** RECORDS FOR THIS EXERCISE **
__________________________________________________

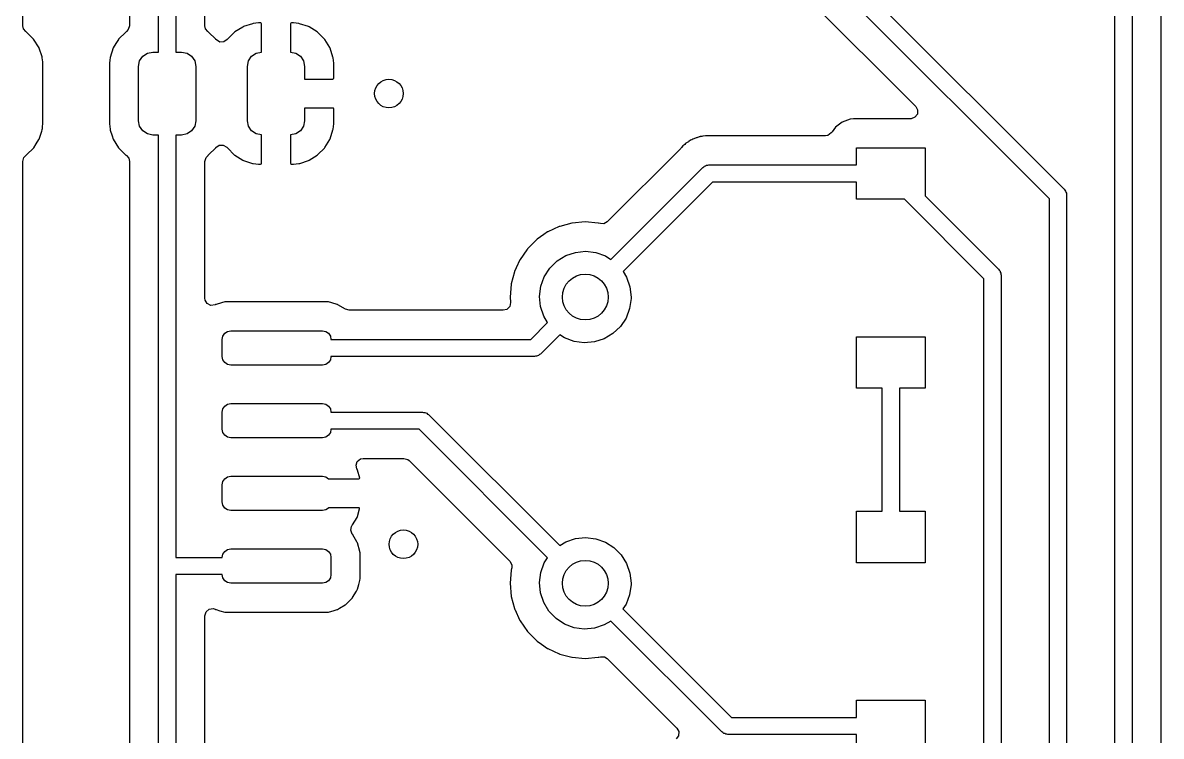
# Model space of a CAD drawing. Extents: x 41 to 172, y -227 to -42.
# Drawn here: x 128.61 to 148.49, y -96.32 to -83.85 of the extents above; entities that cross this region are included whole.
import ezdxf

# ---------------------------------------------------------------- set-up
doc = ezdxf.new("R2010")
doc.units = 0
doc.layers.add('BLACK', color=7, linetype='CONTINUOUS')

msp = doc.modelspace()

# ---------------------------------------------------------------- linework, layer by layer
at = {"layer": 'BLACK', "linetype": 'CONTINUOUS'}
for p, q in [((130.98, -84.365), (130.98, -69.305)), ((128.608, -83.9054), (128.608, -76.7291)), ((130.471, -80.3373), (130.471, -83.9056)), ((131.28, -80.541), (131.28, -84.365)), ((131.788, -83.9054), (131.788, -81.2596)), ((141.504, -81.4749), (146.791, -86.7619)), ((146.535, -86.9301), (141.336, -81.731)), ((141.162, -82.2764), (144.2, -85.3144)), ((147.678, -106.947), (147.678, -83.2471)), ((147.978, -83.185), (147.978, -107.032)), ((148.487, -106.765), (148.487, -83.2671)), ((132.617, -83.8701), (132.463, -83.9216)), ((132.631, -83.8673), (132.617, -83.8701)), ((132.726, -83.8573), (132.631, -83.8673)), ((132.733, -83.857), (132.726, -83.8573)), ((132.762, -83.857), (132.733, -83.857)), ((132.77, -83.8587), (132.762, -83.857)), ((132.772, -83.8599), (132.77, -83.8587)), ((132.776, -83.8751), (132.772, -83.8599)), ((132.776, -84.3658), (132.776, -83.8751)), ((133.286, -83.8629), (133.284, -83.8705)), ((133.284, -83.8705), (133.284, -84.3658)), ((133.287, -83.8615), (133.286, -83.8629)), ((133.302, -83.857), (133.287, -83.8615)), ((133.327, -83.857), (133.302, -83.857)), ((133.334, -83.8573), (133.327, -83.857)), ((133.428, -83.867), (133.334, -83.8573)), ((133.441, -83.8699), (133.428, -83.867)), ((133.596, -83.921), (133.441, -83.8699)), ((128.621, -83.9599), (128.608, -83.9054)), ((128.662, -84.006), (128.621, -83.9599)), ((128.661, -84.0073), (128.662, -84.006)), ((128.667, -84.0119), (128.661, -84.0073)), ((128.673, -84.0157), (128.667, -84.0119)), ((128.798, -84.1407), (128.673, -84.0157)), ((130.406, -84.0165), (130.281, -84.1417)), ((130.412, -84.0127), (130.406, -84.0165)), ((130.418, -84.0081), (130.412, -84.0127)), ((130.451, -83.9737), (130.417, -84.0075)), ((130.417, -84.0075), (130.418, -84.0081)), ((130.471, -83.9056), (130.451, -83.9737)), ((131.801, -83.9599), (131.788, -83.9054)), ((131.842, -84.006), (131.801, -83.9599)), ((131.841, -84.0073), (131.842, -84.006)), ((131.847, -84.0119), (131.841, -84.0073)), ((131.853, -84.0157), (131.847, -84.0119)), ((131.978, -84.1407), (131.853, -84.0157)), ((132.301, -84.0221), (132.186, -84.1368)), ((132.312, -84.0131), (132.301, -84.0221)), ((132.45, -83.9278), (132.312, -84.0131)), ((132.463, -83.9216), (132.45, -83.9278)), ((133.609, -83.9272), (133.596, -83.921)), ((133.747, -84.0122), (133.609, -83.9272)), ((133.758, -84.0213), (133.747, -84.0122)), ((133.873, -84.1358), (133.758, -84.0213)), ((128.892, -84.2911), (128.798, -84.1407)), ((130.234, -84.218), (130.188, -84.2923)), ((130.277, -84.1479), (130.234, -84.218)), ((130.281, -84.1417), (130.277, -84.1479)), ((130.277, -84.1479), (130.277, -84.1479)), ((131.982, -84.1466), (131.978, -84.1407)), ((131.989, -84.1544), (131.982, -84.1466)), ((132.05, -84.1901), (131.989, -84.1544)), ((132.121, -84.1868), (132.05, -84.1901)), ((132.179, -84.1458), (132.121, -84.1868)), ((132.186, -84.1368), (132.179, -84.1458)), ((133.882, -84.1472), (133.873, -84.1358)), ((133.967, -84.285), (133.882, -84.1472)), ((133.973, -84.2982), (133.967, -84.285)), ((128.894, -84.298), (128.892, -84.2911)), ((128.945, -84.4503), (128.894, -84.298)), ((128.948, -84.4588), (128.945, -84.4503)), ((128.948, -84.4657), (128.948, -84.4588)), ((128.956, -84.538), (128.948, -84.4657)), ((128.948, -84.4657), (128.948, -84.4657)), ((130.132, -84.467), (130.128, -84.499)), ((130.188, -84.2923), (130.132, -84.4601)), ((130.132, -84.4601), (130.132, -84.467)), ((130.132, -84.467), (130.132, -84.467)), ((130.649, -84.5193), (130.703, -84.4382)), ((130.703, -84.4382), (130.784, -84.384)), ((130.784, -84.384), (130.88, -84.365)), ((130.88, -84.365), (130.98, -84.365)), ((131.28, -84.365), (131.38, -84.365)), ((131.38, -84.365), (131.476, -84.384)), ((131.476, -84.384), (131.557, -84.4382)), ((131.557, -84.4382), (131.611, -84.5193)), ((132.549, -84.5193), (132.603, -84.4382)), ((132.603, -84.4382), (132.684, -84.384)), ((132.684, -84.384), (132.776, -84.3658)), ((133.284, -84.3658), (133.376, -84.384)), ((133.376, -84.384), (133.457, -84.4382)), ((133.457, -84.4382), (133.511, -84.5193)), ((134.025, -84.4524), (133.973, -84.2982)), ((134.028, -84.4658), (134.025, -84.4524)), ((134.038, -84.5614), (134.028, -84.4658)), ((128.958, -84.5646), (128.956, -84.538)), ((128.958, -85.6154), (128.958, -84.5646)), ((130.128, -84.499), (130.121, -84.5646)), ((130.121, -84.5646), (130.121, -85.6154)), ((130.63, -84.615), (130.649, -84.5193)), ((130.63, -85.565), (130.63, -84.615)), ((131.611, -84.5193), (131.63, -84.615)), ((131.63, -84.615), (131.63, -85.565)), ((132.53, -84.615), (132.549, -84.5193)), ((132.53, -85.565), (132.53, -84.615)), ((133.511, -84.5193), (133.53, -84.615)), ((133.53, -84.615), (133.53, -84.836)), ((134.038, -84.5679), (134.038, -84.5614)), ((134.038, -84.8225), (134.038, -84.5679)), ((133.53, -84.836), (134.02, -84.836)), ((134.02, -84.836), (134.035, -84.8315)), ((134.035, -84.8315), (134.036, -84.8301)), ((134.036, -84.8301), (134.038, -84.8225)), ((134.024, -85.344), (133.53, -85.344)), ((133.53, -85.344), (133.53, -85.565)), ((134.032, -85.3457), (134.024, -85.344)), ((134.034, -85.3469), (134.032, -85.3457)), ((134.038, -85.3621), (134.034, -85.3469)), ((134.038, -85.6121), (134.038, -85.3621)), ((144.229, -85.4475), (144.187, -85.5044)), ((144.2, -85.3144), (144.234, -85.3767)), ((144.234, -85.3767), (144.229, -85.4475)), ((128.95, -85.7007), (128.953, -85.6698)), ((128.953, -85.6698), (128.958, -85.6154)), ((130.121, -85.6154), (130.122, -85.6186)), ((130.122, -85.6186), (130.122, -85.6187)), ((130.122, -85.6187), (130.132, -85.7142)), ((130.649, -85.6607), (130.63, -85.565)), ((130.703, -85.7418), (130.649, -85.6607)), ((131.611, -85.6607), (131.557, -85.7418)), ((131.63, -85.565), (131.611, -85.6607)), ((132.549, -85.6607), (132.53, -85.565)), ((132.603, -85.7418), (132.549, -85.6607)), ((133.511, -85.6607), (133.457, -85.7418)), ((133.53, -85.565), (133.511, -85.6607)), ((134.028, -85.7129), (134.038, -85.6186)), ((134.038, -85.6186), (134.038, -85.6121)), ((142.801, -85.6747), (142.739, -85.7566)), ((142.917, -85.5874), (142.801, -85.6747)), ((143.054, -85.5363), (142.917, -85.5874)), ((143.116, -85.5295), (143.054, -85.5363)), ((144.111, -85.5295), (143.116, -85.5295)), ((144.12, -85.5292), (144.111, -85.5295)), ((144.187, -85.5044), (144.12, -85.5292)), ((128.892, -85.8877), (128.939, -85.7474)), ((128.939, -85.7474), (128.946, -85.7264)), ((128.946, -85.7264), (128.948, -85.7199)), ((128.946, -85.7264), (128.946, -85.7264)), ((128.948, -85.7199), (128.95, -85.7007)), ((130.132, -85.7142), (130.132, -85.7212)), ((130.132, -85.7212), (130.135, -85.7277)), ((130.135, -85.7277), (130.135, -85.7277)), ((130.135, -85.7277), (130.169, -85.8295)), ((130.169, -85.8295), (130.188, -85.8889)), ((130.784, -85.796), (130.703, -85.7418)), ((130.88, -85.815), (130.784, -85.796)), ((130.98, -85.815), (130.88, -85.815)), ((130.98, -97.065), (130.98, -85.815)), ((131.38, -85.815), (131.28, -85.815)), ((131.28, -85.815), (131.28, -93.195)), ((131.476, -85.796), (131.38, -85.815)), ((131.557, -85.7418), (131.476, -85.796)), ((132.684, -85.796), (132.603, -85.7418)), ((132.776, -85.8142), (132.684, -85.796)), ((132.776, -86.3095), (132.776, -85.8142)), ((133.376, -85.796), (133.284, -85.8142)), ((133.284, -85.8142), (133.284, -86.3049)), ((133.457, -85.7418), (133.376, -85.796)), ((133.974, -85.8806), (134.025, -85.7263)), ((134.025, -85.7263), (134.028, -85.7129)), ((140.369, -85.866), (140.324, -85.8789)), ((140.38, -85.8621), (140.369, -85.866)), ((140.416, -85.848), (140.38, -85.8621)), ((140.423, -85.8451), (140.416, -85.848)), ((140.416, -85.848), (140.416, -85.848)), ((140.431, -85.8441), (140.423, -85.8451)), ((140.437, -85.8433), (140.431, -85.8441)), ((140.431, -85.8441), (140.431, -85.8441)), ((140.444, -85.8424), (140.437, -85.8433)), ((140.464, -85.8384), (140.444, -85.8424)), ((140.484, -85.8324), (140.464, -85.8384)), ((140.53, -85.831), (140.484, -85.8324)), ((140.542, -85.8301), (140.53, -85.831)), ((140.543, -85.83), (140.542, -85.8301)), ((140.547, -85.8295), (140.543, -85.83)), ((140.543, -85.83), (140.543, -85.83)), ((140.576, -85.8295), (140.547, -85.8295)), ((140.58, -85.8294), (140.576, -85.8295)), ((140.643, -85.8275), (140.58, -85.8294)), ((140.65, -85.8272), (140.643, -85.8275)), ((140.643, -85.8275), (140.643, -85.8275)), ((140.658, -85.8289), (140.65, -85.8272)), ((140.67, -85.8295), (140.658, -85.8289)), ((142.622, -85.8295), (140.67, -85.8295)), ((142.666, -85.8216), (142.622, -85.8295)), ((142.723, -85.7791), (142.666, -85.8216)), ((142.739, -85.7566), (142.723, -85.7791)), ((128.674, -86.1635), (128.799, -86.0383)), ((128.799, -86.0383), (128.842, -85.9692)), ((128.842, -85.9692), (128.888, -85.894)), ((128.888, -85.894), (128.892, -85.8877)), ((128.888, -85.894), (128.888, -85.894)), ((130.188, -85.8889), (130.282, -86.0393)), ((130.282, -86.0393), (130.407, -86.1643)), ((131.854, -86.1635), (131.979, -86.0383)), ((131.979, -86.0383), (131.982, -86.0338)), ((131.982, -86.0338), (132.039, -85.9932)), ((132.039, -85.9932), (132.11, -85.9899)), ((132.11, -85.9899), (132.172, -86.0256)), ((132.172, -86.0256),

__________________________________________________

Could you copy each line from the listing that has the word "linetype" in it?

doc.layers.add('BLACK', color=7, linetype='CONTINUOUS')
at = {"layer": 'BLACK', "linetype": 'CONTINUOUS'}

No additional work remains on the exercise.